> **WORK TASK**
Of the entries below, return only those lines from the line with "D3, D4, D5: MBR0530; D_SOD-123" to the line with "Q1: Si1308EDL; SOT-323_SC-70", exactly, both included.

> **SUPPLIED DATA**
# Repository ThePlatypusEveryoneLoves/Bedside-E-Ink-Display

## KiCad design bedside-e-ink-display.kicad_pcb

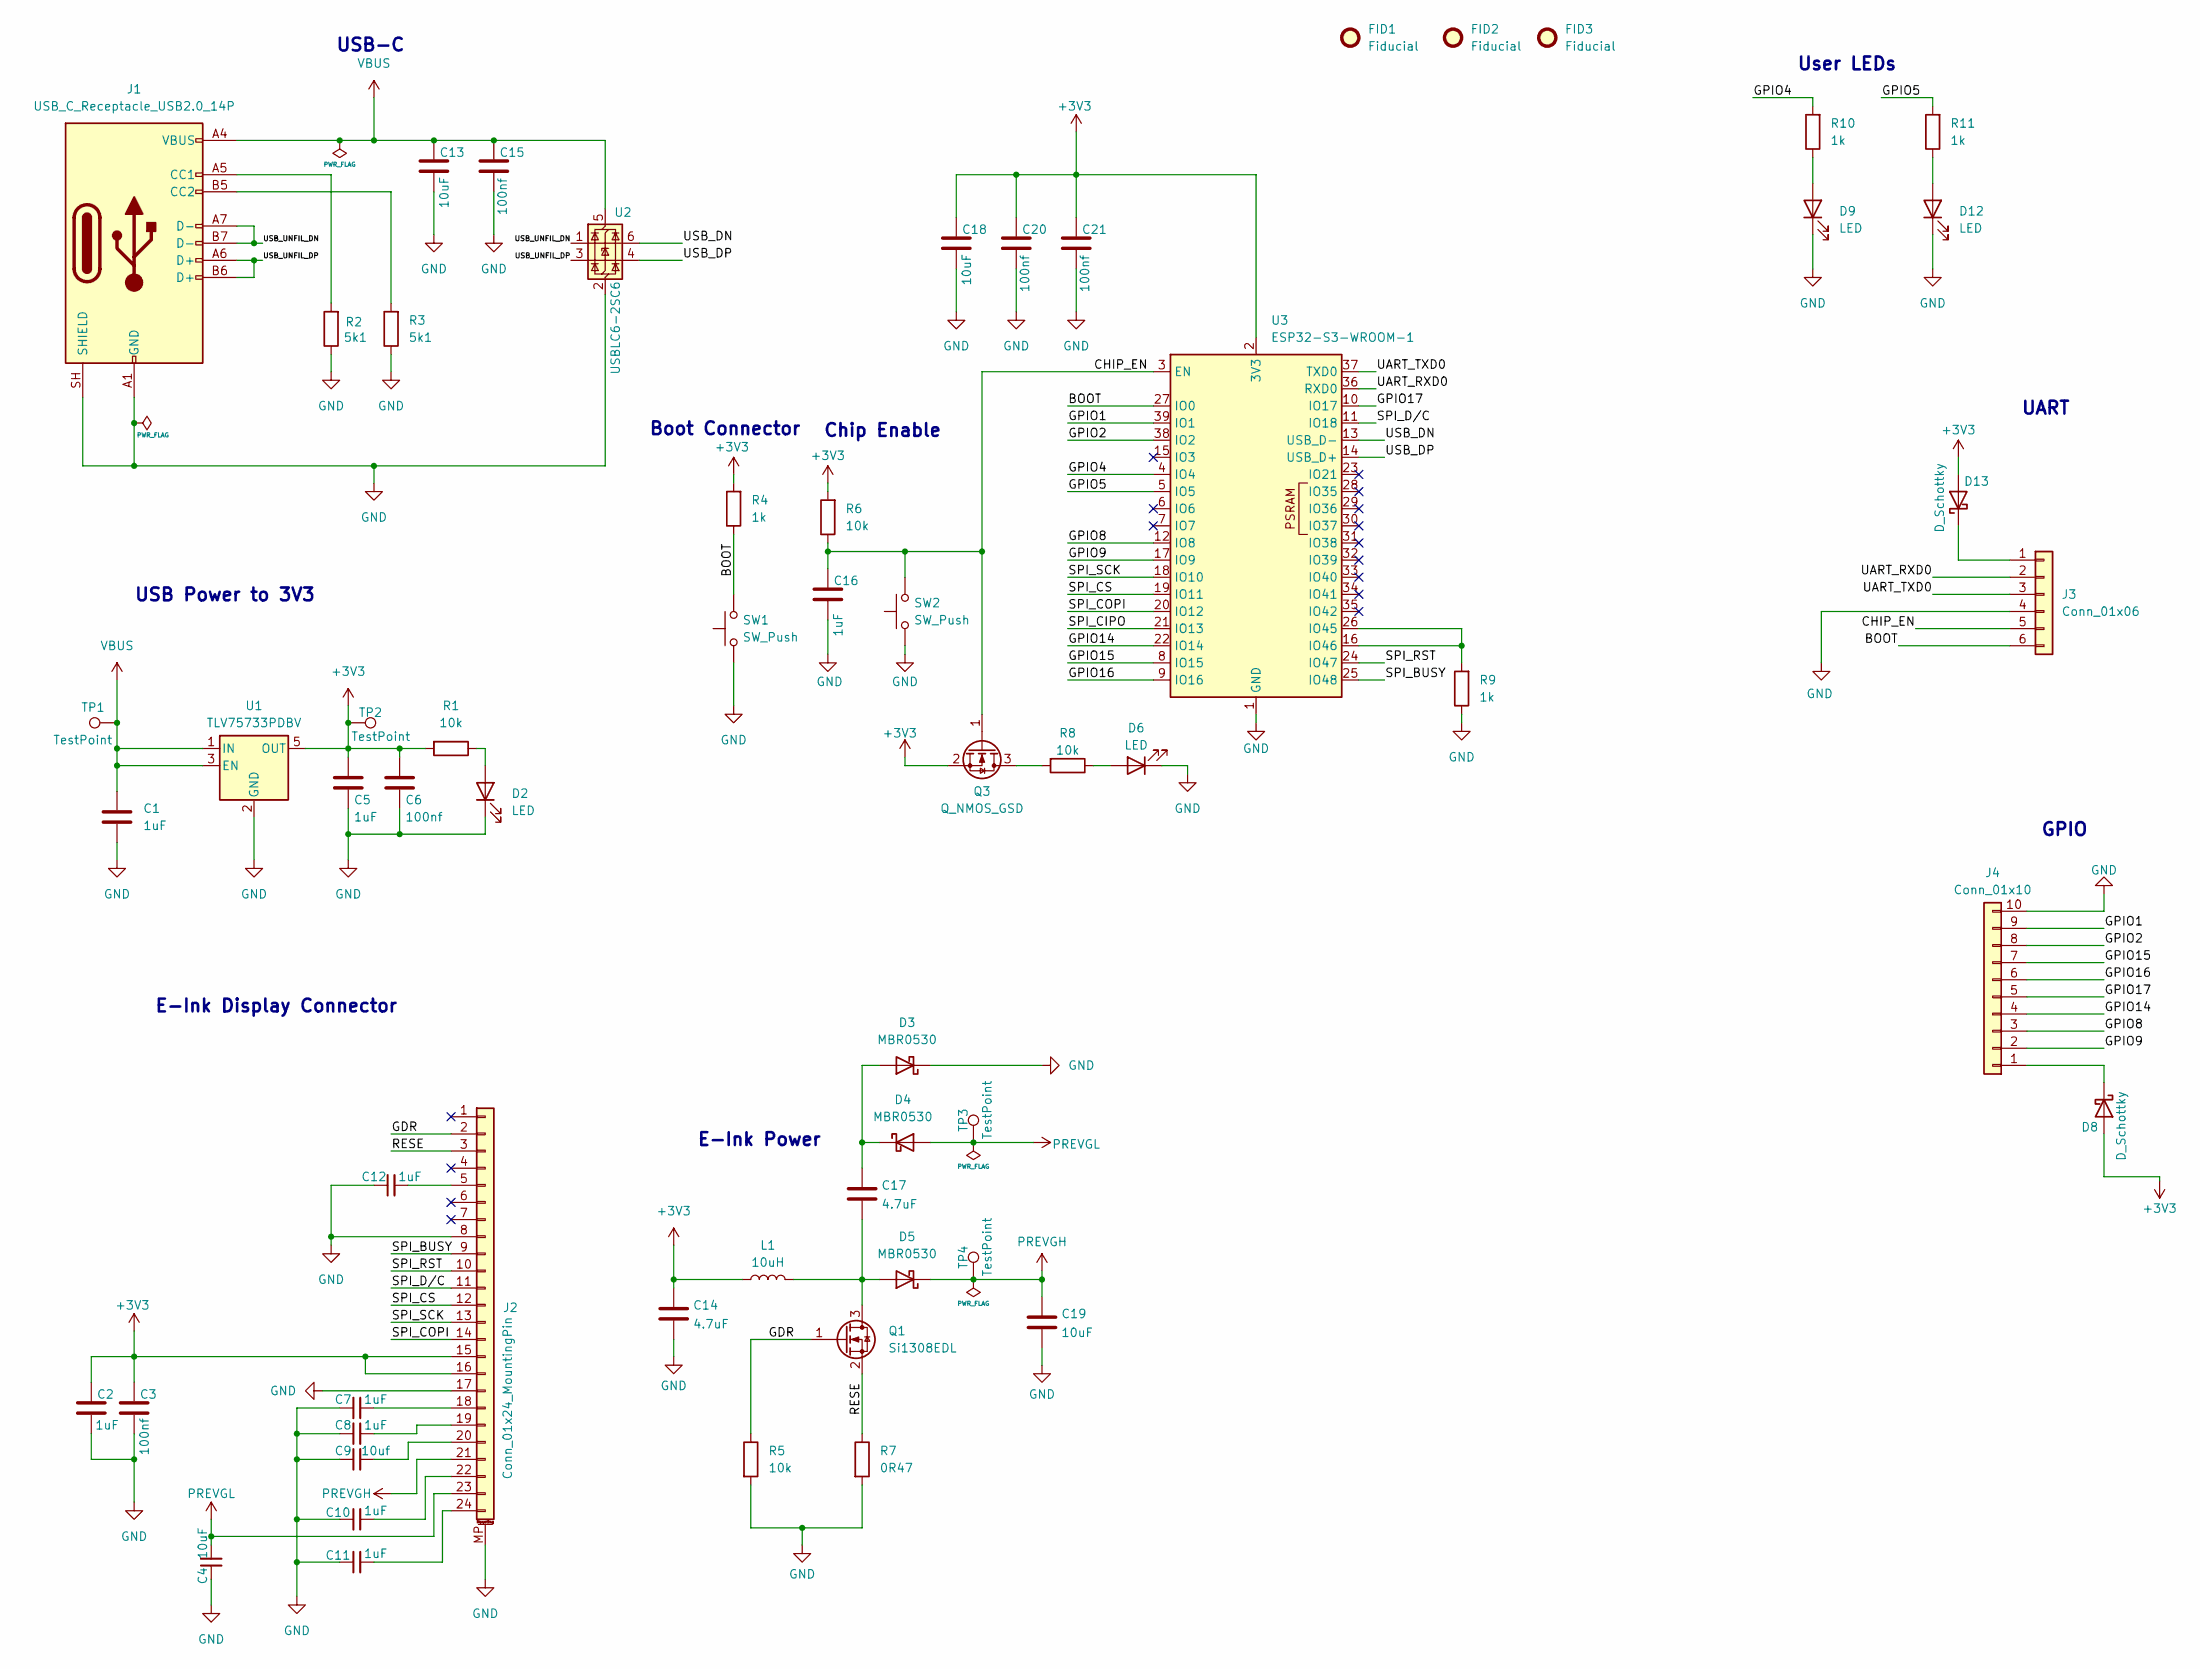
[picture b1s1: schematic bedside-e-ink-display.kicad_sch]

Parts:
C1: 1uF; C_0603_1608Metric; LCSC C15849
C2, C5, C7, C8, C10, C11, C12, C16: 1uF; C_0603_1608Metric; LCSC C1592
C3, C6, C15, C20, C21: 100nf; C_0603_1608Metric
C4, C13, C18, C19: 10uF; C_0603_1608Metric
C9: 10uf; C_0603_1608Metric
C14, C17: 4.7uF; C_0603_1608Metric
D2, D6, D9, D12: LED; LED_0805_2012Metric
D3, D4, D5: MBR0530; D_SOD-123
D8, D13: D_Schottky; D_SOD-323
FID1, FID2, FID3: Fiducial; Fiducial_0.5mm_Mask1mm
J1: USB_C_Receptacle_USB2.0_14P; USB_C_Receptacle_HRO_TYPE-C-31-M-12
J2: Conn_01x24_MountingPin; Hirose_FH12-24S-0.5SH_1x24-1MP_P0.50mm_Horizontal
J3: Conn_01x06; PinHeader_1x06_P2.54mm_Vertical
J4: Conn_01x10; PinHeader_1x10_P2.54mm_Vertical
L1: 10uH; L_Vishay_IHLP-2525
Q1: Si1308EDL; SOT-323_SC-70
Q3: Q_NMOS_GSD; SOT-23
R1, R5, R6, R8: 10k; R_0603_1608Metric
R2, R3: 5k1; R_0603_1608Metric
R4, R9, R10, R11: 1k; R_0603_1608Metric
R7: 0R47; R_0603_1608Metric
SW1, SW2: SW_Push; SW_Push_SPST_NO_Alps_SKRK
TP1, TP2, TP3, TP4: TestPoint; TestPoint_Pad_D1.0mm
U1: TLV75733PDBV; SOT-23-5
U2: USBLC6-2SC6; SOT-23-6
U3: ESP32-S3-WROOM-1

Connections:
+3V3: C2.1, C3.1, C5.1, C6.1, C14.1, C18.1, C20.1, C21.1, D8.2 (A), D13.2 (A), J2.15, J2.16, L1.1, Q3.2 (S), R1.2, R4.2, R6.2, TP2.1, U1.5 (OUT), U3.2 (3V3); also elsewhere on the board
/BOOT: J3.6, R4.1, SW1.2, U3.27 (IO0)
/CHIP_EN: C16.1, J3.5, Q3.1 (G), R6.1, SW2.2, U3.3 (EN)
/GDR: J2.2, Q1.1 (G), R5.1
/GPIO1: J4.9, U3.39 (IO1)
/GPIO2: J4.8, U3.38 (IO2)
/GPIO4: R10.2, U3.4 (IO4)
/GPIO5: R11.2, U3.5 (IO5)
/GPIO8: J4.3, U3.12 (IO8)
/GPIO9: J4.2, U3.17 (IO9)
/GPIO14: J4.4, U3.22 (IO14)
/GPIO15: J4.7, U3.8 (IO15)
/GPIO16: J4.6, U3.9 (IO16)
/GPIO17: J4.5, U3.10 (IO17)
/RESE: J2.3, Q1.2 (S), R7.1
/SPI_BUSY: J2.9, U3.25 (IO48)
/SPI_CIPO: U3.21 (IO13)
/SPI_COPI: J2.14, U3.20 (IO12)
/SPI_CS: J2.12, U3.19 (IO11)
/SPI_D/C: J2.11, U3.11 (IO18)
/SPI_RST: J2.10, U3.24 (IO47)
/SPI_SCK: J2.13, U3.18 (IO10)
/UART_RXD0: J3.2, U3.36 (RXD0)
/UART_TXD0: J3.3, U3.37 (TXD0)
/USB_DN: U2.6 (I/O1), U3.13 (USB_D-)
/USB_DP: U2.4 (I/O2), U3.14 (USB_D+)
/USB_UNFIL_DN: J1.A7 (D-), J1.B7 (D-), U2.1 (I/O1)
/USB_UNFIL_DP: J1.A6 (D+), J1.B6 (D+), U2.3 (I/O2)
GND: C1.2, C2.2, C3.2, C4.1, C5.2, C6.2, C7.1, C8.1, C9.1, C10.1, C11.1, C12.1, C13.2, C14.2, C15.2, C16.2, C18.2, C19.2, C20.2, C21.2, D2.1 (K), D3.1 (K), D6.1 (K), D9.1 (K), D12.1 (K), J1.A1 (GND), J1.A12 (GND), J1.B1 (GND), J1.B12 (GND), J1.SH (SHIELD), J2.8, J2.17, J2.MP (MountPin), J3.4, J4.10, R2.1, R3.1, R5.2, R7.2, R9.1, SW1.1, SW2.1, U1.2 (GND), U2.2 (GND), U3.1 (GND), U3.40 (GND), U3.41 (GND)
unnamed: D2.2 (A), R1.1
unnamed: C17.1, D3.2 (A), D4.1 (K)
unnamed: C17.2, D5.2 (A), L1.2, Q1.3 (D)
unnamed: D6.2 (A), R8.1
unnamed: D8.1 (K), J4.1
unnamed: D9.2 (A), R10.1
unnamed: D12.2 (A), R11.1
unnamed: D13.1 (K), J3.1
unnamed: J1.A5 (CC1), R2.2
unnamed: J1.B5 (CC2), R3.2
unnamed: C12.2, J2.5
unnamed: C7.2, J2.18
unnamed: C8.2, J2.19
unnamed: C9.2, J2.20
unnamed: C10.2, J2.22
unnamed: C11.2, J2.24
unnamed: Q3.3 (D), R8.2
unnamed: R9.2, U3.16 (IO46), U3.26 (IO45)
PREVGH: C19.1, D5.1 (K), J2.21, TP4.1 (1_1)
PREVGL: C4.2, D4.2 (A), J2.23, TP3.1 (1_1)
VBUS: C1.1, C13.1, C15.1, J1.A4 (VBUS), J1.A9 (VBUS), J1.B4 (VBUS), J1.B9 (VBUS), TP1.1, U1.1 (IN), U1.3 (EN), U2.5 (VBUS); also elsewhere on the board

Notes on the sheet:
Boot Connector
USB Power to 3V3
E-Ink Power
E-Ink Display Connector
User LEDs
UART
Chip Enable
USB-C
GPIO

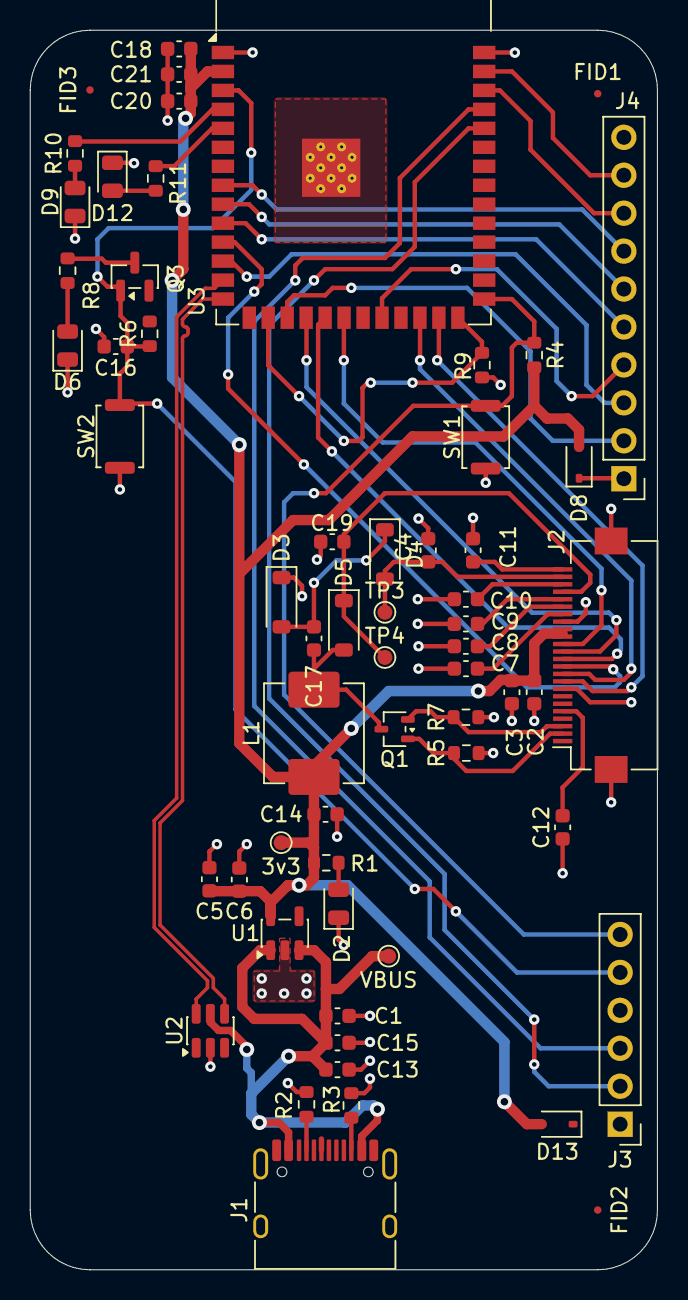
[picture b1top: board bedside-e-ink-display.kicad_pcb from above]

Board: 4 copper layers, 42.0 x 83.0 mm, 60 parts (0 on the bottom side), 49 nets.

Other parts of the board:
3v3: TestPoint; TestPoint_Pad_D1.0mm
VBUS: TestPoint; TestPoint_Pad_D1.0mm

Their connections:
+3V3: 3v3.1 (1_1); also elsewhere on the board
VBUS: VBUS.1 (1_1); also elsewhere on the board

> **ANSWER TO THE EXERCISE**
D3, D4, D5: MBR0530; D_SOD-123
D8, D13: D_Schottky; D_SOD-323
FID1, FID2, FID3: Fiducial; Fiducial_0.5mm_Mask1mm
J1: USB_C_Receptacle_USB2.0_14P; USB_C_Receptacle_HRO_TYPE-C-31-M-12
J2: Conn_01x24_MountingPin; Hirose_FH12-24S-0.5SH_1x24-1MP_P0.50mm_Horizontal
J3: Conn_01x06; PinHeader_1x06_P2.54mm_Vertical
J4: Conn_01x10; PinHeader_1x10_P2.54mm_Vertical
L1: 10uH; L_Vishay_IHLP-2525
Q1: Si1308EDL; SOT-323_SC-70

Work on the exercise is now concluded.